L’Incredibile varietà di pizze nel Sud d’Italia
When do dough, tomato sauce,
and mozzarella stop being mere ingredients and become pizza?
It’s a philosophical question that
has divided chefs and diners for decades. For some, only pies in the Neapolitan
and Roman styles are acceptable—Sicilian, at a stretch. Others extend the goal
posts as far as Chicago deep dish.
But pizzas have been eaten in
southern Italy for hundreds of years, and the rainbow of variations that can be
found there—if you know where to look—rivals the rest of the world’s best
efforts. Its proximity to North Africa means that flatbreads have been popular
for centuries. Forget calzones—I’m talking about pizzas and pittas created
specifically for breakfast, or marvels the size of entire tables, or baked
spirals of crust begging to be torn into satisfying, savory chunks.
Calabria
Mpigliati con le sarde
An mpigliati con le sarde pie at the
Petite Etoile hotel consists of dough coated with a mash of sardella, a rich
fish sauce with red peppers, and tiny fish cured with salt and paprika.
A salty, beautiful pie that looks
like a bundle of bread roses. It consists of strips of dough coated with a mash
of sardella, a rich fish sauce with red peppers, and pilchards (small,
herring-like fish) cured with salt and paprika. The strips are rolled and stuck
together before baking; to eat, you just tear off one of the rolls, which are
great with an aperitivo. This pizza is a good example of the cucina
povera of southern Italy, where humble local ingredients are used to create
deeply flavored dishes.
Cullura
Cullura uses dough made with pig
fat, layered with cime di rapa (broccoli raab), rolled a bit like a
strudel, and then formed into a circle. Cullura is generally consumed cold and
works as an everyday snack for farmers to take up into the mountains.
Pitta
Pitta is a Calabrian flatbread
that’s crunchy on the outside and soft on the inside; it includes toppings such
as tomato, peppers, and herbs.
Falagone
This half-moon-shaped treat, like a
small calzone, is usually eaten cold.
Pitta rustica
A pitta rustica with prosciutto, caciocavallo cheese, and salumi between
pitta-style bread.
Pasta da forno
Pasta da forno, a popular breakfast
food. Forget the “pasta” name; this is a pizza, and it’s popular for breakfast.
There’s no tomato sauce atop the dough, no mozzarella, no onion.

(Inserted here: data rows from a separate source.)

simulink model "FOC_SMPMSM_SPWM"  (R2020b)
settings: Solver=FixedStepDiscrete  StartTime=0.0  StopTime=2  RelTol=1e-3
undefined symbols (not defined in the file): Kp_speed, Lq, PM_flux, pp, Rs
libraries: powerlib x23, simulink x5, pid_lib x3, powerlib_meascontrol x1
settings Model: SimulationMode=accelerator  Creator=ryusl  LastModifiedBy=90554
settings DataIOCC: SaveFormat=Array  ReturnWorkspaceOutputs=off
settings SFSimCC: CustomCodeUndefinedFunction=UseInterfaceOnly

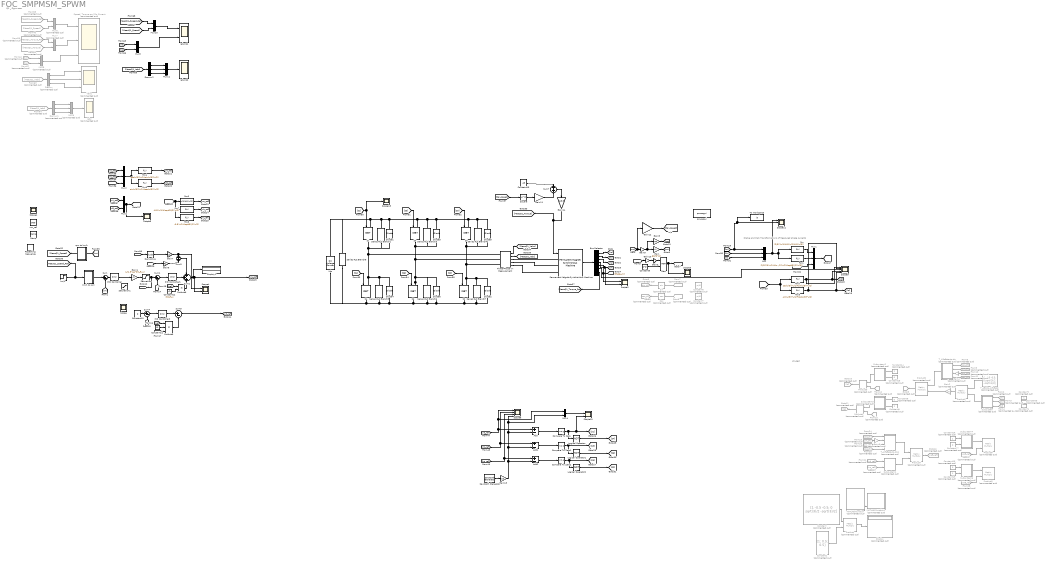
== system FOC_SMPMSM_SPWM ==
  note: Q1 _ Figures
  note: Unused
  note: Clarke and Park Transformations of Measured phase currents
  Add : Sum  Inputs=+-
  Add1 : Sum  Inputs=+-
  Add2 : Sum  Inputs=+-
  Bus Selector : BusSelector  OutputSignals=Stator current is_a (A),Stator current is_b (A),Stator current is_c (A),Rotor speed wm (rad/s),Rotor angle thetam (rad),Stator current is_d (A),Electromagnetic torque Te (N*m)
  Compare To Zero : simulink/Logic and Bit Operations/Compare To Zero  relop=>=  OutDataTypeStr=boolean
  Compare To Zero1 : simulink/Logic and Bit Operations/Compare To Zero  relop=>=  OutDataTypeStr=boolean
  Compare To Zero2 : simulink/Logic and Bit Operations/Compare To Zero  relop=>=  OutDataTypeStr=boolean
  Constant : Constant  Commented=on  Value=[1 -0.5 -0.5; 0 sqrt(3)/2 -sqrt(3)/2]  VectorParams1D=off
  Constant1 : Constant  Commented=on  Value=[1; 0.5; 0.5]  VectorParams1D=off
  Constant10 : Constant  Value=0
  Constant11 : Constant  Value=Lq
  Constant12 : Constant  Value=PM_flux
  Constant13 : Constant  Value=45
  Constant{2,9,14,16,19} (5 alike) : Constant  Commented=on
  Constant{8,15,17..18} (4 alike) : Constant  Commented=on  Value=0
  Constant3 : Constant  Commented=on  Value=-0.5
  Constant4 : Constant  Commented=on  Value=-0.5
  Constant5 : Constant  Value=2*pi
  Constant6 : Constant  Commented=on  Value=pi/6
  Constant7 : Constant  Commented=on  Value=pi/6
  Cos : Trigonometry  Commented=on  Operator=cos
  Demux : Demux  Commented=on  Outputs=3
  Demux1 : Demux  Commented=on  Outputs=3
  Demux2 : Demux  Outputs=3
  Derivative : Derivative
  Diode{1..6} (6 alike) : powerlib/Power Electronics/Diode  Ron=0.001  Lon=0  Vf=0.8  IC=0  UseSnubber=0  Rs=inf  Cs=0  Measurements=off
  Display : Display  Commented=on
  Display1 : Display
  Fcn : Fcn  Expr=(2/3)*(u(1)-0.5*u(2)-0.5*u(3))
  Fcn1 : Fcn  Expr=(2/3)*(0*u(1)+(sqrt(3)/2)*u(2)-(sqrt(3)/2)*u(3))
  Fcn2 : Fcn  Expr=cos(u(3))*u(1)+sin(u(3))*u(2)
  Fcn3 : Fcn  Expr=-sin(u(3))*u(1)+cos(u(3))*u(2)
  Fcn4 : Fcn  Expr=cos(u(3))*u(1)-sin(u(3))*u(2)
  Fcn5 : Fcn  Expr=sin(u(3))*u(1)+cos(u(3))*u(2)
  Fcn6 : Fcn  Expr=u(1)+0*u(2)
  Fcn7 : Fcn  Expr=-0.5*u(1)+(sqrt(3)/2)*u(2)
  Fcn8 : Fcn  Expr=-0.5*u(1)-(sqrt(3)/2)*u(2)
  From{9..10,23,26} (4 alike) : From  Commented=on  GotoTag=sin_th
  From{8,11,24..25} (4 alike) : From  Commented=on  GotoTag=cos_th
  From12 : From  Commented=on  GotoTag=idq
  From13 : From  Commented=on  GotoTag=idq
  From2 : From  Commented=on  GotoTag=ia
  From21 : From  Commented=on  GotoTag=vd_ref
  From22 : From  Commented=on  GotoTag=vq_ref
  From27 : From  Commented=on  GotoTag=vaB_ref
  From28 : From  Commented=on  GotoTag=vaB_ref
  From3 : From  Commented=on  GotoTag=ib
  From4 : From  Commented=on  GotoTag=ic
  From40 : From  Commented=on  GotoTag=MeasQ1_Speed
  From58 : From  Commented=on  GotoTag=MeasQ1_Speed_Ref
  From59 : From  Commented=on  GotoTag=MeasQ1_Torque_Ref
  From6 : From  Commented=on  GotoTag=theta_e
  From60 : From  Commented=on  GotoTag=MeasQ1_Torque
  From61 : From  Commented=on  GotoTag=id
  From62 : From  Commented=on  GotoTag=iq
  From63 : From  Commented=on  GotoTag=MeasQ1_Vabc
  From64 : From  Commented=on  GotoTag=MeasQ1_Iabc
  From7 : From  Commented=on  GotoTag=theta_e
  Gain : Gain  Gain=60/(2*pi)
  Gain1 : Gain  Gain=1/(1.5*pp*PM_flux)
  Gain10 : Gain
  Gain11 : Gain  Gain=0.105
  Gain12 : Gain  Gain=0.3/8.5
  Gain13 : Gain  Gain=210
  Gain14 : Gain  Gain=1/8.5
  Gain2 : Gain  Commented=on  Gain=2/3
  Gain3 : Gain  Gain=pp
  Gain4 : Gain  Commented=on  Gain=-1
  Gain5 : Gain  Gain=pp
  Gain6 : Gain  Gain=Rs
  Gain7 : Gain  Gain=Lq
  Gain8 : Gain  Commented=on  Gain=-1
  Gain9 : Gain
  Goto10 : Goto  Commented=on  GotoTag=id
  Goto11 : Goto  Commented=on  GotoTag=iq
  Goto16 : Goto  Commented=on  GotoTag=vaB_ref
  Goto6 : Goto  Commented=on  GotoTag=cos_th
  Goto8 : Goto  Commented=on  GotoTag=sin_th
  Goto9 : Goto  Commented=on  GotoTag=idq
  Iabc : Scope  Commented=on
  Iabc Q1 : Scope  NumInputPorts=2
  Iabc Q2 : Scope
  Logical Operator : Logic  Operator=NOT  AllPortsSameDT=off  OutDataTypeStr=boolean
  Logical Operator1 : Logic  Operator=NOT  AllPortsSameDT=off  OutDataTypeStr=boolean
  Logical Operator2 : Logic  Operator=NOT  AllPortsSameDT=off  OutDataTypeStr=boolean
  MATLAB Function : MATLAB Function  Commented=on  TreatAsAtomicUnit=on
  MATLAB Function1 : MATLAB Function  Commented=on  TreatAsAtomicUnit=on
  Mux{,1..2,11} (4 alike) : Mux  Inputs=3
  Mux{3..4,8,10} (4 alike) : Mux  Inputs=2
  Mux5 : Mux  Commented=on  Inputs=2
  Mux6 : Mux  Commented=on  Inputs=2
  Mux7 : Mux  Commented=on  Inputs=2
  Mux9 : Mux  Commented=on  Inputs=3
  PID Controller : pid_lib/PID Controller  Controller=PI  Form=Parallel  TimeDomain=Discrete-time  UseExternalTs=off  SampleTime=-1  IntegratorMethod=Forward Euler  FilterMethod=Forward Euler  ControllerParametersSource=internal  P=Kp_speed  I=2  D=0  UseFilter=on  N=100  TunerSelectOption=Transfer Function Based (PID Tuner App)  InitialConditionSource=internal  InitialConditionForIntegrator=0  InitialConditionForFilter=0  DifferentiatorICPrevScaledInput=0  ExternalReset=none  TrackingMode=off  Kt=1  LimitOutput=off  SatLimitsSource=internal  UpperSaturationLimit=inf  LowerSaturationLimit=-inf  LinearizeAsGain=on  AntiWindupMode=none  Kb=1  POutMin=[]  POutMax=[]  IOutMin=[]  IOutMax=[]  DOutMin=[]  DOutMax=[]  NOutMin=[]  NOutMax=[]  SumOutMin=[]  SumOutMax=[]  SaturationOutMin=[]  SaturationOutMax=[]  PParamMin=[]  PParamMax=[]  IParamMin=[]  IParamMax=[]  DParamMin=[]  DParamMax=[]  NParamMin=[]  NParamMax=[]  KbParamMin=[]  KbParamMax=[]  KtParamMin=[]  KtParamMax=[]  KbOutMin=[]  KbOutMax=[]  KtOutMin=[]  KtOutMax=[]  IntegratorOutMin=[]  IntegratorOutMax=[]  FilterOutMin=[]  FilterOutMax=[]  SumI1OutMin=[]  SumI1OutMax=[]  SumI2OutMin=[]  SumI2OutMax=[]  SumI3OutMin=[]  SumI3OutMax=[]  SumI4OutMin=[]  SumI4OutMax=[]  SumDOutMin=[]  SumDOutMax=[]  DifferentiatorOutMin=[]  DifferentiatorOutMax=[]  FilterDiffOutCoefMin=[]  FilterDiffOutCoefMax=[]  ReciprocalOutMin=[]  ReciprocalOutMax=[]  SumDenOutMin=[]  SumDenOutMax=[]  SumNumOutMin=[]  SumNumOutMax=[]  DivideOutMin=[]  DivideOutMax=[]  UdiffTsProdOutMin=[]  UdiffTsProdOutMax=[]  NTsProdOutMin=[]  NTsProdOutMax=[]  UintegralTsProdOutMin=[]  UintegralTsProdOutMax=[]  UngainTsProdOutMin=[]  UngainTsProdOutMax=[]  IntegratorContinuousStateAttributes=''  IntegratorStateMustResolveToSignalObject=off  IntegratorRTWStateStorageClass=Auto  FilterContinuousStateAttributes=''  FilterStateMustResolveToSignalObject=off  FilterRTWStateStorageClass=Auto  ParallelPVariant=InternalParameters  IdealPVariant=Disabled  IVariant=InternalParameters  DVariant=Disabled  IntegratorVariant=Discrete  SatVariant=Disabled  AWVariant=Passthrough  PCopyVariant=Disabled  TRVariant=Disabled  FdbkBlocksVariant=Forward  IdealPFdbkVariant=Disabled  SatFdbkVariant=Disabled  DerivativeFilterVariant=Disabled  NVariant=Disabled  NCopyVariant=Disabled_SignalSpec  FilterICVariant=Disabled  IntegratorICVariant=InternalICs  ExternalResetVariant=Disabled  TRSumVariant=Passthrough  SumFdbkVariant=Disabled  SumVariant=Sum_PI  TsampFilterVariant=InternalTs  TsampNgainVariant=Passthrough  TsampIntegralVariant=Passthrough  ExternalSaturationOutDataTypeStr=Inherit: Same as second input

It’s just
crushed tomato with salt, oregano, and olive oil. Traditionally, pasta da forno
comes in a round, black tray and is served cold. The absence of sauce helps
keep the base crispy, making this a perfect snack to carry to school or to
work.
Puglia
Focaccia altamurana
The thick focaccia altamurana is
studded with tomato and green olives.
This pizza’s dough, made only with
semolina, is thick, like a deep-dish pie, with tomato, green olives, and extra
virgin olive oil.
Basilicata
Panzerotto di
carne and panzerotto fritto
These two pie pockets look like
calzones but smaller. The first is filled with minced pork and spices,
then baked and seasoned with thyme, rosemary, and oregano while the melted fat
is still hot. It’s popular as a street food and also comes in a fried version,
panzerotto fritto. The other contains rich strands of mozzarella, sweet tomato,
and basil.
Strazzata
Strazzata, a fresh summer-style
pizza with peppers, tomato, and extra virgin olive oil.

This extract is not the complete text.